Here's the correct one. Single supply amplfier (gain adjustable) with DC offset (can be gain adjustable if needed) Figure 1. Single supply amplfier (gain adjustable) with DC offset (can be gain adjustable if needed).


The transfer function would be

\$\displaystyle V_{out2} = V_{out1} \left(-\frac{R_6}{R_5}\right) + V_{ref} \left(1 + \frac{R_6}{R_5} \right) \$

\$\displaystyle V_{out1} = V_{in}\left(-\frac{R_2}{R_1}\right) + V_{ref}\left(\frac{R_4}{R_3+R_4}\right)\left( \frac{R_1+R_2}{R_1}\right) \$


Thus

\$\displaystyle V_{out2} = V_{in}\left(-\frac{R_2}{R_1}\right) \left(-\frac{R_6}{R_5}\right) + V_{ref} \left[ \left(\frac{R_4}{R_3+R_4}\right)\left( \frac{R_1+R_2}{R_1}\right) \left(-\frac{R_6}{R_5}\right) + \left(1 + \frac{R_6}{R_5} \right) \right]\$


If \$ R_1 = R_2 = R_3 = R_4 \$, then

\$\displaystyle V_{out2} = V_{in} \left(\frac{R_6}{R_5}\right) + V_{ref} \$

Also if \$R_5 = R_6\$ (which is the circuit above), then.

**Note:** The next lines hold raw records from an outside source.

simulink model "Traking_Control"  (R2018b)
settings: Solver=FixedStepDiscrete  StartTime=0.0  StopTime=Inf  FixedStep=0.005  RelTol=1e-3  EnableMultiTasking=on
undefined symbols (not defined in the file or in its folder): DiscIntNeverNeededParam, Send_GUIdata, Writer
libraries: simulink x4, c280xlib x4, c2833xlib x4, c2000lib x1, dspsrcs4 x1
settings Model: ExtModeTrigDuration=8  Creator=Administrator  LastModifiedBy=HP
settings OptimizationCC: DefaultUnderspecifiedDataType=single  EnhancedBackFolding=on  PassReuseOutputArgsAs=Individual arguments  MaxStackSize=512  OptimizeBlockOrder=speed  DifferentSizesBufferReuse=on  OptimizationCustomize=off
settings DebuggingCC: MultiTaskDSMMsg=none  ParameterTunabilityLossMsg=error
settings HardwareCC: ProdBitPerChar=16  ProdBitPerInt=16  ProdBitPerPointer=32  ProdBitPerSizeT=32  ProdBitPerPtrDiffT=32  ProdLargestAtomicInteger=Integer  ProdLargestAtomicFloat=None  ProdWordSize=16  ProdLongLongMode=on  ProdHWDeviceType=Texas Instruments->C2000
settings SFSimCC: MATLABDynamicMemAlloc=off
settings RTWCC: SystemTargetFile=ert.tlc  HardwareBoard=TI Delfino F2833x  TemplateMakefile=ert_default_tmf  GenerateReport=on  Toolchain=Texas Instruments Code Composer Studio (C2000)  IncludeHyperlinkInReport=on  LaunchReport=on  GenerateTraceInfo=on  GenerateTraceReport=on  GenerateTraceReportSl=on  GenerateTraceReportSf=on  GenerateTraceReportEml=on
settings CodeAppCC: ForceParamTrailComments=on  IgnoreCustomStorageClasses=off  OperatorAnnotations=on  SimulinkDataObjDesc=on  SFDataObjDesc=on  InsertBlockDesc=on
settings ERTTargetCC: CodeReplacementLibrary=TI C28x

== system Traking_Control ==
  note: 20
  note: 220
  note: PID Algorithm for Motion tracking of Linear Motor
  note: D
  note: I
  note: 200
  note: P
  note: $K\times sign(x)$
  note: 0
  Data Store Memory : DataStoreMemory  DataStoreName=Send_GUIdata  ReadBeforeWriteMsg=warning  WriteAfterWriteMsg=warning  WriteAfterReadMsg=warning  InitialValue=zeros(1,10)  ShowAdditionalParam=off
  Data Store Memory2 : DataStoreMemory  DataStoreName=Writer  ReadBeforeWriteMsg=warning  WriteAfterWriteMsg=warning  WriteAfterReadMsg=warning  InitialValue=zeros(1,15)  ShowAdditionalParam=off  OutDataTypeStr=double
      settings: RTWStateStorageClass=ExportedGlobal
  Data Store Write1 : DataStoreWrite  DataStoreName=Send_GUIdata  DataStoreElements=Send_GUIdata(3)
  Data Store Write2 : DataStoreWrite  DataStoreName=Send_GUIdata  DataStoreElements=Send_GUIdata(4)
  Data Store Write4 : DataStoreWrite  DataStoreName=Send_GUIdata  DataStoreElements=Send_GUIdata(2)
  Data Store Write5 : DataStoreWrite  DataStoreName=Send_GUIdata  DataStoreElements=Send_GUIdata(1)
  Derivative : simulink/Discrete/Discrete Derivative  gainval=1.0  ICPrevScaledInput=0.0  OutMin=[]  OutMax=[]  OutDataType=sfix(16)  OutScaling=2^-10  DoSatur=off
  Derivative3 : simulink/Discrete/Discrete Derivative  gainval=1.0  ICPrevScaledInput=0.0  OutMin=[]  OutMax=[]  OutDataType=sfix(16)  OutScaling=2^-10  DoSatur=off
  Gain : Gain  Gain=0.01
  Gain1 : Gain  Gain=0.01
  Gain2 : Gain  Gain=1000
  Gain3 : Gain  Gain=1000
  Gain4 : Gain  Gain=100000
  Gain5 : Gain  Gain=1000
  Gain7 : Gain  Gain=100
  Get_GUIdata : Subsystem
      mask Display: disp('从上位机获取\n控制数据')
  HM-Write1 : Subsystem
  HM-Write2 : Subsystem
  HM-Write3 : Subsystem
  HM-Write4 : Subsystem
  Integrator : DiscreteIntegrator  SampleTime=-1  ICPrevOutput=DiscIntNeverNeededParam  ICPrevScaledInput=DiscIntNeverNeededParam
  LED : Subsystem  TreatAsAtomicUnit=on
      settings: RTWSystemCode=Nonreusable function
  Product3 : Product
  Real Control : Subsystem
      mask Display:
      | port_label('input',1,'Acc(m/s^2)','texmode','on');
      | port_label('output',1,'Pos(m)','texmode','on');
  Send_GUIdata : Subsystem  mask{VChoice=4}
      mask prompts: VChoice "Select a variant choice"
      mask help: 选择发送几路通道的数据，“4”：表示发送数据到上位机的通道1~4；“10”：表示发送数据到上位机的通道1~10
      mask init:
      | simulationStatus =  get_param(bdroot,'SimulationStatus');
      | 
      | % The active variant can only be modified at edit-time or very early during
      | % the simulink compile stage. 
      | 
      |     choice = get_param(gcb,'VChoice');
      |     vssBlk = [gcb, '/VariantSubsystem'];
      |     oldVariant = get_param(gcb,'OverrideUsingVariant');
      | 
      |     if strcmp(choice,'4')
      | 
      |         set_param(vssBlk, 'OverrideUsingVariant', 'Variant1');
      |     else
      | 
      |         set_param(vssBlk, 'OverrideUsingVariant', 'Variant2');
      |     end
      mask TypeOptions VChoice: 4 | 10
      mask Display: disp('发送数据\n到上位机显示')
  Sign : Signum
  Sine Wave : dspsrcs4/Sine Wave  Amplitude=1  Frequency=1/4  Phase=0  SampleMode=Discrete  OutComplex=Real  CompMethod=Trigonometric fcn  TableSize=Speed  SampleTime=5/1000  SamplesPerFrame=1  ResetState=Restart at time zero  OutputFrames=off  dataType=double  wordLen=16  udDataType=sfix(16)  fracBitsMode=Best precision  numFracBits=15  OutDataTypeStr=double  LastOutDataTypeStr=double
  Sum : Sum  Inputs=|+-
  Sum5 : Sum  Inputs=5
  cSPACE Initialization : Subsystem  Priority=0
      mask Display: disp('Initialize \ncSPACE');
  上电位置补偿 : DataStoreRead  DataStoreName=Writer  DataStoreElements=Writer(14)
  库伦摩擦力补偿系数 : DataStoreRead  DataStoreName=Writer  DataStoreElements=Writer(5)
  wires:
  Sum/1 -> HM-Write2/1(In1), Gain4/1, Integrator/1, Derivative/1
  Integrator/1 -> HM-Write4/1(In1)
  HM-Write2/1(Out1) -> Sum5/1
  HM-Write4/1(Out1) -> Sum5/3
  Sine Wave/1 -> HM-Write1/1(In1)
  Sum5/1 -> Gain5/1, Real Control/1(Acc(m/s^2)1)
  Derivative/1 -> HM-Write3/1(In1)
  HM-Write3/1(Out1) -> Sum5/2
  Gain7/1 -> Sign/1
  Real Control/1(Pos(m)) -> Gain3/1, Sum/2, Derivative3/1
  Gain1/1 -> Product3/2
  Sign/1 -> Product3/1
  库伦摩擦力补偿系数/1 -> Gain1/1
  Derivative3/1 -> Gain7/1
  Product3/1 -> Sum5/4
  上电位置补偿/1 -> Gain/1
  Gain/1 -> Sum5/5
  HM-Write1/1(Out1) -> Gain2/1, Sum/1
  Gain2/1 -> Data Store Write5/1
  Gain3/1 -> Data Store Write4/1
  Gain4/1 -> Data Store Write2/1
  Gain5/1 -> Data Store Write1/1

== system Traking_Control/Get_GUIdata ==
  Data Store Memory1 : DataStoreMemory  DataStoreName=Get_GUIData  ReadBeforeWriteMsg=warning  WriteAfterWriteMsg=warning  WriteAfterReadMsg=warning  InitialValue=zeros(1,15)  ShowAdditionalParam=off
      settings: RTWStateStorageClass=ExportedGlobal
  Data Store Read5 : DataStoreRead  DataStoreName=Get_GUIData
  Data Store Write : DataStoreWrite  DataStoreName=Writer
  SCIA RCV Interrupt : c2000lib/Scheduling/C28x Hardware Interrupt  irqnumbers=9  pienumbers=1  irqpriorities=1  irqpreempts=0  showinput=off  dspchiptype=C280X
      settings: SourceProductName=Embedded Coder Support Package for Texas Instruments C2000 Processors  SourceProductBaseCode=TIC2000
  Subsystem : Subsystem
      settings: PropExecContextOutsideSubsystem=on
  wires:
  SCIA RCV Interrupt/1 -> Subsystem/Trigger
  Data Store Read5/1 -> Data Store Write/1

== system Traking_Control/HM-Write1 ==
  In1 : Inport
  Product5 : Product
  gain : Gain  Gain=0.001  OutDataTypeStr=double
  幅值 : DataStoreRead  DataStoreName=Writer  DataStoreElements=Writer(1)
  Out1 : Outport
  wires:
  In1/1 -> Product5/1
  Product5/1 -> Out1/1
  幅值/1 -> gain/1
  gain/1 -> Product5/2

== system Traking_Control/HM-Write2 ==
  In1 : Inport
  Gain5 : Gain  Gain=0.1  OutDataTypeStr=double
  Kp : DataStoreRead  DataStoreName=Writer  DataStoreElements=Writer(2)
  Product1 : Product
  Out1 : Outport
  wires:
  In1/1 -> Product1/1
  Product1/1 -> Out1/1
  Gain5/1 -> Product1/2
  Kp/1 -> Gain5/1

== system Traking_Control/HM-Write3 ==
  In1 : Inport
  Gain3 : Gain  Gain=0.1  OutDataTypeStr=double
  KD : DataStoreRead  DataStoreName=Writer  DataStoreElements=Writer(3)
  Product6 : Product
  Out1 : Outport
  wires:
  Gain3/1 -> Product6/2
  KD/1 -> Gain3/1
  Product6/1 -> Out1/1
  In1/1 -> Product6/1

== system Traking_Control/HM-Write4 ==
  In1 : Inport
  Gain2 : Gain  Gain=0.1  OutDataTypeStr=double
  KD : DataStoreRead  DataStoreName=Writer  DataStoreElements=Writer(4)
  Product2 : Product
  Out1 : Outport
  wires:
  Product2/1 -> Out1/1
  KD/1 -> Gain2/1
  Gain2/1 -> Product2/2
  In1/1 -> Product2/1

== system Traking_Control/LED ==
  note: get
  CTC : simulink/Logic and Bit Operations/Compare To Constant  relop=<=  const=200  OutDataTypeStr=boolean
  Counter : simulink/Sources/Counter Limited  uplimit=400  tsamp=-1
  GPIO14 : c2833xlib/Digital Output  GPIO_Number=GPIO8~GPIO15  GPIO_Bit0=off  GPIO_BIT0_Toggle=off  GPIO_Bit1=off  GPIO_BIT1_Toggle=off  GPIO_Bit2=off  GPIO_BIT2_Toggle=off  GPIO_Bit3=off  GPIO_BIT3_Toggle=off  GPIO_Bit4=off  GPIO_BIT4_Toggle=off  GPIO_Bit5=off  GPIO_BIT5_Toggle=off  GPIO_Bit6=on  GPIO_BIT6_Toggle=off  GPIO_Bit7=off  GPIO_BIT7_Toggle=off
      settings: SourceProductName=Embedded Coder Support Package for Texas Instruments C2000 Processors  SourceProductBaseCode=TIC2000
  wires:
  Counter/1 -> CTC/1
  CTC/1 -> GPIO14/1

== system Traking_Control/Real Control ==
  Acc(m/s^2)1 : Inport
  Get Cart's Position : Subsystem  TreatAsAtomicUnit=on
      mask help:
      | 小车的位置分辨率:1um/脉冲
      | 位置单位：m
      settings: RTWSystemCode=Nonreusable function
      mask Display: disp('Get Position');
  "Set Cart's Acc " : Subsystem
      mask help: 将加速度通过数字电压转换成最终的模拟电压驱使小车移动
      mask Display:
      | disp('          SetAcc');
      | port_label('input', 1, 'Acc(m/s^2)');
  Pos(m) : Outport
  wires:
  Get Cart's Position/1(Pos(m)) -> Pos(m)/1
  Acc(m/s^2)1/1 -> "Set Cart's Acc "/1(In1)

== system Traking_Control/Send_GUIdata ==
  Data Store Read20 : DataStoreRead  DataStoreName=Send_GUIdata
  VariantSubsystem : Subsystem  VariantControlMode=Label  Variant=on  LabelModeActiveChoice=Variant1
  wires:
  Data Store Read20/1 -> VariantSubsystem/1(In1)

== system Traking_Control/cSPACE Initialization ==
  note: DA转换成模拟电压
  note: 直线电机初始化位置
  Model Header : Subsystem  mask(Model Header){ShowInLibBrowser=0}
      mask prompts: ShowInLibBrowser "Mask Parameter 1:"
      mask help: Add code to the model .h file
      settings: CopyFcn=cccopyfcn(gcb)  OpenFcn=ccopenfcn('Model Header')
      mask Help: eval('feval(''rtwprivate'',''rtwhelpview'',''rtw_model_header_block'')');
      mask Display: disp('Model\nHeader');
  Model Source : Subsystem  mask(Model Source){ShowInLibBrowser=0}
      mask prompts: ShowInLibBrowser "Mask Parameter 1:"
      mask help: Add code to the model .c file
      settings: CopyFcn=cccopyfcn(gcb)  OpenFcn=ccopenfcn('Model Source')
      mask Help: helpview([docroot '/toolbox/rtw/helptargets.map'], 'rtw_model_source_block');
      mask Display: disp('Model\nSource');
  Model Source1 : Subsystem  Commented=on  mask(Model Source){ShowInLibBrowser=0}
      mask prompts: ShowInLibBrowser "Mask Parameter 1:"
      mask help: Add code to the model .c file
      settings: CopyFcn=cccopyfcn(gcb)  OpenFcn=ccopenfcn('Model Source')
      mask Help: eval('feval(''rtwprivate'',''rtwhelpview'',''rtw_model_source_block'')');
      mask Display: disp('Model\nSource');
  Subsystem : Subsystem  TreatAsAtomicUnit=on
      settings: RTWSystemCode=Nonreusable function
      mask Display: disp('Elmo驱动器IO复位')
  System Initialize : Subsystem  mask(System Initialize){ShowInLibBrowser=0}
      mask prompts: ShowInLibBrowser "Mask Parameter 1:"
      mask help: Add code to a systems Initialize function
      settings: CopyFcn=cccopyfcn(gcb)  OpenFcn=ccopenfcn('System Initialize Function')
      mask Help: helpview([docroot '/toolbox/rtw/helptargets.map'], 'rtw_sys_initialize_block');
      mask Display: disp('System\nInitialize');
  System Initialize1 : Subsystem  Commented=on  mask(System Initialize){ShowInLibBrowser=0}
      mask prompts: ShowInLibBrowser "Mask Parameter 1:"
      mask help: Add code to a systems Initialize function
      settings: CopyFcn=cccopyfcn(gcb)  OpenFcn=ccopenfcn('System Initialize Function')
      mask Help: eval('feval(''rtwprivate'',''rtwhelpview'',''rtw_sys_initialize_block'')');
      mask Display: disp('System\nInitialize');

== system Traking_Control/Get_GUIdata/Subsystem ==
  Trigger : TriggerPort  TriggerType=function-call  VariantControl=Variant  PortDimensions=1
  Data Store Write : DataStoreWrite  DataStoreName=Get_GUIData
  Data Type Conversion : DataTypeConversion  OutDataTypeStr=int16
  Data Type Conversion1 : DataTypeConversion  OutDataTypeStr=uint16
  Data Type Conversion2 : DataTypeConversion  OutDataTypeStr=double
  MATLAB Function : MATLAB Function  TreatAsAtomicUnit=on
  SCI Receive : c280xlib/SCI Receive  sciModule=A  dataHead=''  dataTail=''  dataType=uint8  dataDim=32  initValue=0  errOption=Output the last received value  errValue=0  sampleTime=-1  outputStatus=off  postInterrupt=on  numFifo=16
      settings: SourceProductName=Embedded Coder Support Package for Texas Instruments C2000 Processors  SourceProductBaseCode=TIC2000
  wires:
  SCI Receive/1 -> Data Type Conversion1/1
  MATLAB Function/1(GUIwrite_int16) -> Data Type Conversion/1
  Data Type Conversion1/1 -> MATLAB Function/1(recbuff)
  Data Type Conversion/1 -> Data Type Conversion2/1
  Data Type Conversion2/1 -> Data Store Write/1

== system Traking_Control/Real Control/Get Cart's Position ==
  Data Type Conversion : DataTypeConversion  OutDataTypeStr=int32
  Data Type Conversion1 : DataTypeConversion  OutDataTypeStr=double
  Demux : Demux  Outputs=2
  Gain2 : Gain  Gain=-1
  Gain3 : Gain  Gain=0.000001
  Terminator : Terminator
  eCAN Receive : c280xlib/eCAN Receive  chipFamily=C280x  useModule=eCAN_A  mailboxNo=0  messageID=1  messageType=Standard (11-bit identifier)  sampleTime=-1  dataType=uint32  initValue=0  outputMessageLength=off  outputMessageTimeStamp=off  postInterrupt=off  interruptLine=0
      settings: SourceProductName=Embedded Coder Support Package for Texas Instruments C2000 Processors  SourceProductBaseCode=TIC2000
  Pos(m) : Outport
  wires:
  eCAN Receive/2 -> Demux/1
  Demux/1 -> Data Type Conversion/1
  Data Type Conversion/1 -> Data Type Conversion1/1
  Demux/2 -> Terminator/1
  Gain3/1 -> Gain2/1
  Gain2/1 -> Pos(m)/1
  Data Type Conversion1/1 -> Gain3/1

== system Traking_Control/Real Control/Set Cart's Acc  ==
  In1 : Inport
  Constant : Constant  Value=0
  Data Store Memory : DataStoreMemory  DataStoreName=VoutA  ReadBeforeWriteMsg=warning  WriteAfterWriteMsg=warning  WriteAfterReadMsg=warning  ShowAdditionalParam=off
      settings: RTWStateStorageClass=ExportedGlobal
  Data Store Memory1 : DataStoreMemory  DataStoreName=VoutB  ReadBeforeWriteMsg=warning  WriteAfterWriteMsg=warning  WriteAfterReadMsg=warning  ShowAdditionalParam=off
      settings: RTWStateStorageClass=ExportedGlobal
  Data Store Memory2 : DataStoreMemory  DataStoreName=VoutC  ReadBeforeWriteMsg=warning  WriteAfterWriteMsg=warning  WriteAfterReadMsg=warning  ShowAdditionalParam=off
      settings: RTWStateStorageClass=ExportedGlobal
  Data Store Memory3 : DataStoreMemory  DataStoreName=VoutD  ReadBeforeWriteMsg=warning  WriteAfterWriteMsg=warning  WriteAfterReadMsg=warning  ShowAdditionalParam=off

\$ V_{out2} = V_{in} + V_{ref} \$


The differential gain stage must be at unity or the \$V_{ref}\$ factor will not be one anymore. For example if the differential gain stage is 10 and inverting gain stage is -2. Then \$ V_{out2} = 20V_{in} - 17V_{ref} \$. Which is absurd.

In addition, the DC offset reference must have low output impedance, or it will messed up the differential gain stage.

You could also change the reference gain stage by providing feedback resistor instead of the usual non-inverting buffer. It will be useful in case you have low voltage precision reference, such as TL431, or 5V DAC, etc. as a substitute for the voltage divider above.


Here is the waveform. The output waveform of the schematic above.

Figure 2. The output waveform of the schematic above.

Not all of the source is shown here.